__Task goal__.
When you have read the listing, copy all of it without any change.

__Provided material__.
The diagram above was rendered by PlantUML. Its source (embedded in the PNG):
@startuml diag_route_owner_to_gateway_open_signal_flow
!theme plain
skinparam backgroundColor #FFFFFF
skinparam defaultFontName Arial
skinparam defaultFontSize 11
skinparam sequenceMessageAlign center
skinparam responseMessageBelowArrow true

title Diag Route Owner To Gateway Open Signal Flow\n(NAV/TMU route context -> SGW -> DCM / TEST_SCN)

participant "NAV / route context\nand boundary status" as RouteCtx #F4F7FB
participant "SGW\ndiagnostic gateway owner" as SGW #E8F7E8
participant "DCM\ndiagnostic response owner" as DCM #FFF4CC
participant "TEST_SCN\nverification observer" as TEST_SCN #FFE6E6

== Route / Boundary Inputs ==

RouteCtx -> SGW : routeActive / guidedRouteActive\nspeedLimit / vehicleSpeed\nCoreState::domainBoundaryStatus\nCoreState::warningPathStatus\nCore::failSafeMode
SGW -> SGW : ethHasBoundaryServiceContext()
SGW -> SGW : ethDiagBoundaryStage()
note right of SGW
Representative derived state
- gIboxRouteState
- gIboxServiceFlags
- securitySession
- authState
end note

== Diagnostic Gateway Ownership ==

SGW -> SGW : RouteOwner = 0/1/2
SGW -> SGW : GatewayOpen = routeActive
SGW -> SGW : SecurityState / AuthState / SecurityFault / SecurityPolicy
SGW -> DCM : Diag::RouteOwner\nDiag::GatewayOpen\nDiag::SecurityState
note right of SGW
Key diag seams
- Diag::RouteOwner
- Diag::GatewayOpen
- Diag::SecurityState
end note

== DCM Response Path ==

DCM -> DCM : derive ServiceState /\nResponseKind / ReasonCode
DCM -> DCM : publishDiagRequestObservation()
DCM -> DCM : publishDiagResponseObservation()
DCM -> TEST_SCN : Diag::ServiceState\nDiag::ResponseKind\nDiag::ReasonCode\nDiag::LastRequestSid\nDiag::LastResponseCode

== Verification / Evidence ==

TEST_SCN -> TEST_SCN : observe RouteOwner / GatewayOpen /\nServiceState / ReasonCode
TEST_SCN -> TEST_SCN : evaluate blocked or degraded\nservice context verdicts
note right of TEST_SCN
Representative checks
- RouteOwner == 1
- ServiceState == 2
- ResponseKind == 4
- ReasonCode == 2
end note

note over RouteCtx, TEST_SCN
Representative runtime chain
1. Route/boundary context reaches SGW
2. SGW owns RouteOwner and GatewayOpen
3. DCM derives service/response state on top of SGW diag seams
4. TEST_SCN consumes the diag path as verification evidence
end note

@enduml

__Written solution__.
The diagram above was rendered by PlantUML. Its source (embedded in the PNG):
@startuml diag_route_owner_to_gateway_open_signal_flow
!theme plain
skinparam backgroundColor #FFFFFF
skinparam defaultFontName Arial
skinparam defaultFontSize 11
skinparam sequenceMessageAlign center
skinparam responseMessageBelowArrow true

title Diag Route Owner To Gateway Open Signal Flow\n(NAV/TMU route context -> SGW -> DCM / TEST_SCN)

participant "NAV / route context\nand boundary status" as RouteCtx #F4F7FB
participant "SGW\ndiagnostic gateway owner" as SGW #E8F7E8
participant "DCM\ndiagnostic response owner" as DCM #FFF4CC
participant "TEST_SCN\nverification observer" as TEST_SCN #FFE6E6

== Route / Boundary Inputs ==

RouteCtx -> SGW : routeActive / guidedRouteActive\nspeedLimit / vehicleSpeed\nCoreState::domainBoundaryStatus\nCoreState::warningPathStatus\nCore::failSafeMode
SGW -> SGW : ethHasBoundaryServiceContext()
SGW -> SGW : ethDiagBoundaryStage()
note right of SGW
Representative derived state
- gIboxRouteState
- gIboxServiceFlags
- securitySession
- authState
end note

== Diagnostic Gateway Ownership ==

SGW -> SGW : RouteOwner = 0/1/2
SGW -> SGW : GatewayOpen = routeActive
SGW -> SGW : SecurityState / AuthState / SecurityFault / SecurityPolicy
SGW -> DCM : Diag::RouteOwner\nDiag::GatewayOpen\nDiag::SecurityState
note right of SGW
Key diag seams
- Diag::RouteOwner
- Diag::GatewayOpen
- Diag::SecurityState
end note

== DCM Response Path ==

DCM -> DCM : derive ServiceState /\nResponseKind / ReasonCode
DCM -> DCM : publishDiagRequestObservation()
DCM -> DCM : publishDiagResponseObservation()
DCM -> TEST_SCN : Diag::ServiceState\nDiag::ResponseKind\nDiag::ReasonCode\nDiag::LastRequestSid\nDiag::LastResponseCode

== Verification / Evidence ==

TEST_SCN -> TEST_SCN : observe RouteOwner / GatewayOpen /\nServiceState / ReasonCode
TEST_SCN -> TEST_SCN : evaluate blocked or degraded\nservice context verdicts
note right of TEST_SCN
Representative checks
- RouteOwner == 1
- ServiceState == 2
- ResponseKind == 4
- ReasonCode == 2
end note

note over RouteCtx, TEST_SCN
Representative runtime chain
1. Route/boundary context reaches SGW
2. SGW owns RouteOwner and GatewayOpen
3. DCM derives service/response state on top of SGW diag seams
4. TEST_SCN consumes the diag path as verification evidence
end note

@enduml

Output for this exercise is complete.